§ Assigned task
Check each line of the material below for "TreatAsAtomicUnit", then copy the ones that contain it.

§ Data

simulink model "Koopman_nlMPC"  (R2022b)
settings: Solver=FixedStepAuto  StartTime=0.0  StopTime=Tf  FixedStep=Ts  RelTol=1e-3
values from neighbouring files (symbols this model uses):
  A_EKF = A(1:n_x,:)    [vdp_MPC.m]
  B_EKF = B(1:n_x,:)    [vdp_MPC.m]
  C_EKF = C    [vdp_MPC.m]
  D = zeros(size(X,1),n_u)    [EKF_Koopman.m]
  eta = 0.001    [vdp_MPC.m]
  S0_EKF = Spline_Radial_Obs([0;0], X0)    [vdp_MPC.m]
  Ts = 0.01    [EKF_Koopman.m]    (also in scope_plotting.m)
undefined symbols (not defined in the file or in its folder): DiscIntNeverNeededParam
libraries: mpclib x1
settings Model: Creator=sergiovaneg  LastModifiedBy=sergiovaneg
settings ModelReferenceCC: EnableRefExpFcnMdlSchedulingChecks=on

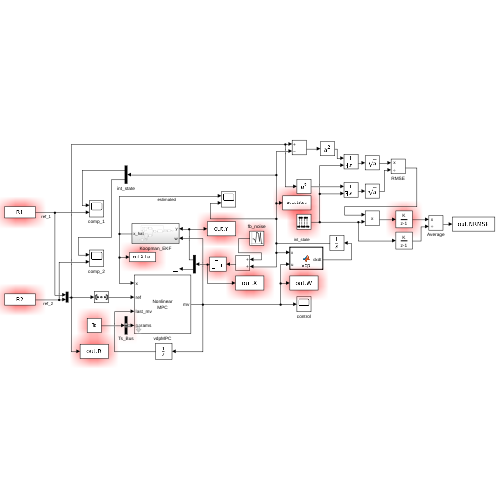
[thumbnail: Simulink's stored preview of the top-level diagram]
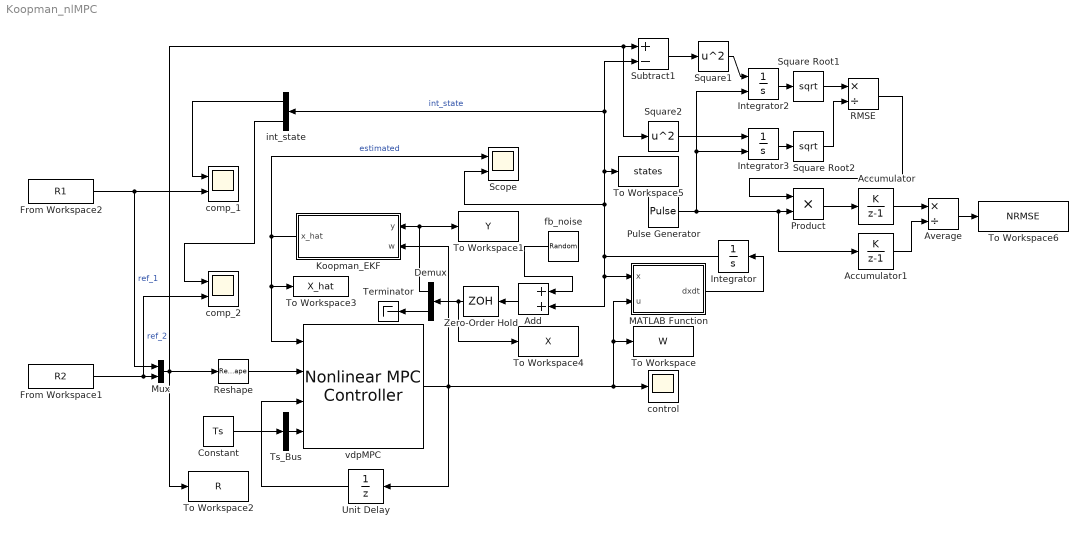
== system Koopman_nlMPC ==
  Accumulator : DiscreteIntegrator  IntegratorMethod=Accumulation: Forward Euler  InitialCondition=[0;0]  SampleTime=Ts  ICPrevOutput=DiscIntNeverNeededParam  ICPrevScaledInput=DiscIntNeverNeededParam
  Accumulator1 : DiscreteIntegrator  IntegratorMethod=Accumulation: Forward Euler  SampleTime=-1  ICPrevOutput=DiscIntNeverNeededParam  ICPrevScaledInput=DiscIntNeverNeededParam
  Add : Sum
  Average : Product  Inputs=*/
  Constant : Constant  Value=Ts
  Demux : Demux  Outputs=2
  From Workspace1 : FromWorkspace  VariableName=R2
  From Workspace2 : FromWorkspace  VariableName=R1
  Integrator : Integrator  InitialCondition=[0;0]
  Integrator2 : Integrator  ExternalReset=falling  InitialCondition=[0;0]
  Integrator3 : Integrator  ExternalReset=falling  InitialCondition=[eps;eps]
  Koopman_EKF : Subsystem
  MATLAB Function : MATLAB Function  TreatAsAtomicUnit=on
  Mux : Mux  Inputs=2
  Product : Product
  Pulse Generator : DiscretePulseGenerator  Period=10/Ts  SampleTime=Ts
  RMSE : Product  Inputs=*/
  Reshape : Reshape  OutputDimensionality=Row vector (2-D)
  Scope : Scope  NumInputPorts=2
  Square Root1 : Sqrt
  Square Root2 : Sqrt
  Square1 : Math  Operator=square
  Square2 : Math  Operator=square
  Subtract1 : Sum  Inputs=+-
  Terminator : Terminator
  To Workspace : ToWorkspace  VariableName=W  SampleTime=Ts
      settings: Save2DSignal=2-D array (concatenate along first dimension)
  To Workspace1 : ToWorkspace  VariableName=Y  SampleTime=Ts
      settings: Save2DSignal=2-D array (concatenate along first dimension)
  To Workspace2 : ToWorkspace  VariableName=R  SampleTime=Ts
      settings: Save2DSignal=2-D array (concatenate along first dimension)
  To Workspace3 : ToWorkspace  VariableName=X_hat  SampleTime=Ts
      settings: Save2DSignal=2-D array (concatenate along first dimension)
  To Workspace4 : ToWorkspace  VariableName=X  SampleTime=Ts
      settings: Save2DSignal=2-D array (concatenate along first dimension)
  To Workspace5 : ToWorkspace  VariableName=states  SampleTime=Ts
      settings: Save2DSignal=2-D array (concatenate along first dimension)
  To Workspace6 : ToWorkspace  VariableName=NRMSE  SampleTime=-1
      settings: MaxDataPoints=1  Save2DSignal=2-D array (concatenate along first dimension)
  Ts_Bus : BusCreator  Inputs=1  OutDataTypeStr=Bus: Ts_Bus_1  NonVirtualBus=on
      settings: InheritFromInputs=off
  Unit Delay : UnitDelay  SampleTime=-1  HasFrameUpgradeWarning=on
  Zero-Order Hold : ZeroOrderHold  SampleTime=Ts
  comp_1 : Scope  NumInputPorts=2
  comp_2 : Scope  NumInputPorts=2
  control : Scope
  fb_noise : RandomNumber  Variance=eta  Seed=[2;3]  SampleTime=Ts
  int_state : Demux  Outputs=2
  vdpMPC : mpclib/Nonlinear MPC Controller  nlmpcobj=nlobj  UseObjectTs=on  UseMEX=off  md_enabled=off  mvtarget_enabled=off  param_enabled=on  cost_enabled=off  mvseq_enabled=off  stateseq_enabled=off  ovseq_enabled=off  slack_enabled=off  status_enabled=off  ov_min=off  ov_max=off  mv_min=off  mv_max=off  mvrate_min=off  mvrate_max=off  state_min=off  state_max=off  ov_weight=off  mv_weight=off  mvrate_weight=off  ecr_weight=off  nlp_initialize=off
  wires:
  int_state/1 -> comp_1/1
  fb_noise/1 -> Add/1
  Reshape/1 -> vdpMPC/2
  vdpMPC/1 -> Koopman_EKF/2(w), MATLAB Function/2(u), To Workspace/1, control/1, Unit Delay/1
  Constant/1 -> Ts_Bus/1
  Integrator/1 -> To Workspace5/1, Subtract1/2, int_state/1, Scope/2, Add/2, MATLAB Function/1(x)  "int_state"
  From Workspace1/1 -> comp_2/2, Mux/2  "ref_2"
  Unit Delay/1 -> vdpMPC/3
  int_state/2 -> comp_2/1
  MATLAB Function/1(dxdt) -> Integrator/1
  Mux/1 -> Square2/1, Subtract1/1, To Workspace2/1, Reshape/1
  Ts_Bus/1 -> vdpMPC/4
  Demux/1 -> Koopman_EKF/1(y), To Workspace1/1
  Demux/2 -> Terminator/1
  Koopman_EKF/1(x_hat) -> Scope/1, vdpMPC/1, To Workspace3/1  "estimated"
  Zero-Order Hold/1 -> To Workspace4/1, Demux/1
  Add/1 -> Zero-Order Hold/1
  From Workspace2/1 -> comp_1/2, Mux/1  "ref_1"
  Square Root2/1 -> RMSE/2
  Product/1 -> Accumulator/1
  Integrator3/1 -> Square Root2/1
  Accumulator/1 -> Average/1
  RMSE/1 -> Product/1
  Accumulator1/1 -> Average/2
  Average/1 -> To Workspace6/1
  Square2/1 -> Integrator3/1
  Square Root1/1 -> RMSE/1
  Integrator2/1 -> Square Root1/1
  Square1/1 -> Integrator2/1
  Pulse Generator/1 -> Integrator2/2, Integrator3/2, Accumulator1/1, Product/2
  Subtract1/1 -> Square1/1

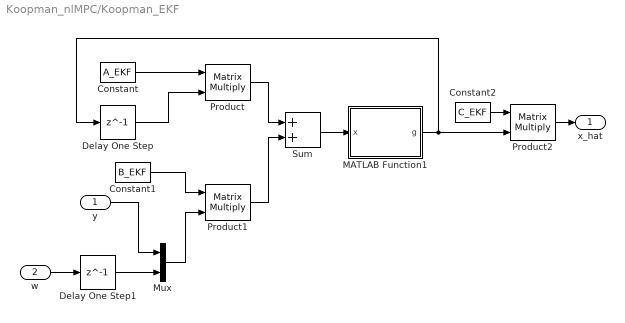
== system Koopman_nlMPC/Koopman_EKF ==
  y : Inport
  w : Inport  Port=2
  Constant : Constant  Value=A_EKF
  Constant1 : Constant  Value=B_EKF
  Constant2 : Constant  Value=C_EKF
  Delay One Step : Delay  DelayLength=1  InitialCondition=S0_EKF
  Delay One Step1 : Delay  DelayLength=1  InitialCondition=0
  MATLAB Function1 : MATLAB Function  TreatAsAtomicUnit=on
  Mux : Mux  Inputs=2
  Product : Product  Multiplication=Matrix(*)
  Product1 : Product  Multiplication=Matrix(*)
  Product2 : Product  Multiplication=Matrix(*)
  Sum : Sum
  x_hat : Outport
  wires:
  Constant/1 -> Product/1
  Delay One Step/1 -> Product/2
  Product/1 -> Sum/1
  Constant1/1 -> Product1/1
  Product1/1 -> Sum/2
  Sum/1 -> MATLAB Function1/1(x)
  Constant2/1 -> Product2/1
  Product2/1 -> x_hat/1
  w/1 -> Delay One Step1/1
  y/1 -> Mux/1
  Mux/1 -> Product1/2
  Delay One Step1/1 -> Mux/2
  MATLAB Function1/1(g) -> Product2/2, Delay One Step/1

== matlab function Koopman_nlMPC/Koopman_EKF/MATLAB Function1 ==
  data: x input; g output; X0_EKF parameter
function g = observe(x,X0_EKF)
    g=zeros(size(x,1)+size(X0_EKF,2),1);
    aux = vecnorm(X0_EKF-x)';
    g(1:size(x,1))=x;
    g(size(x,1)+1:end)=aux.*log(aux.^aux);
end

== matlab function Koopman_nlMPC/MATLAB Function ==
  data: x input; u input; dxdt output
function dxdt = vdp(x,u)
    dxdt = zeros(2,1);
    dxdt(1) = 2*x(2);
    dxdt(2) = -0.8*x(1)+2*x(2)-10*(x(1)^2)*x(2)+u;

§ Result below
  MATLAB Function : MATLAB Function  TreatAsAtomicUnit=on
  MATLAB Function1 : MATLAB Function  TreatAsAtomicUnit=on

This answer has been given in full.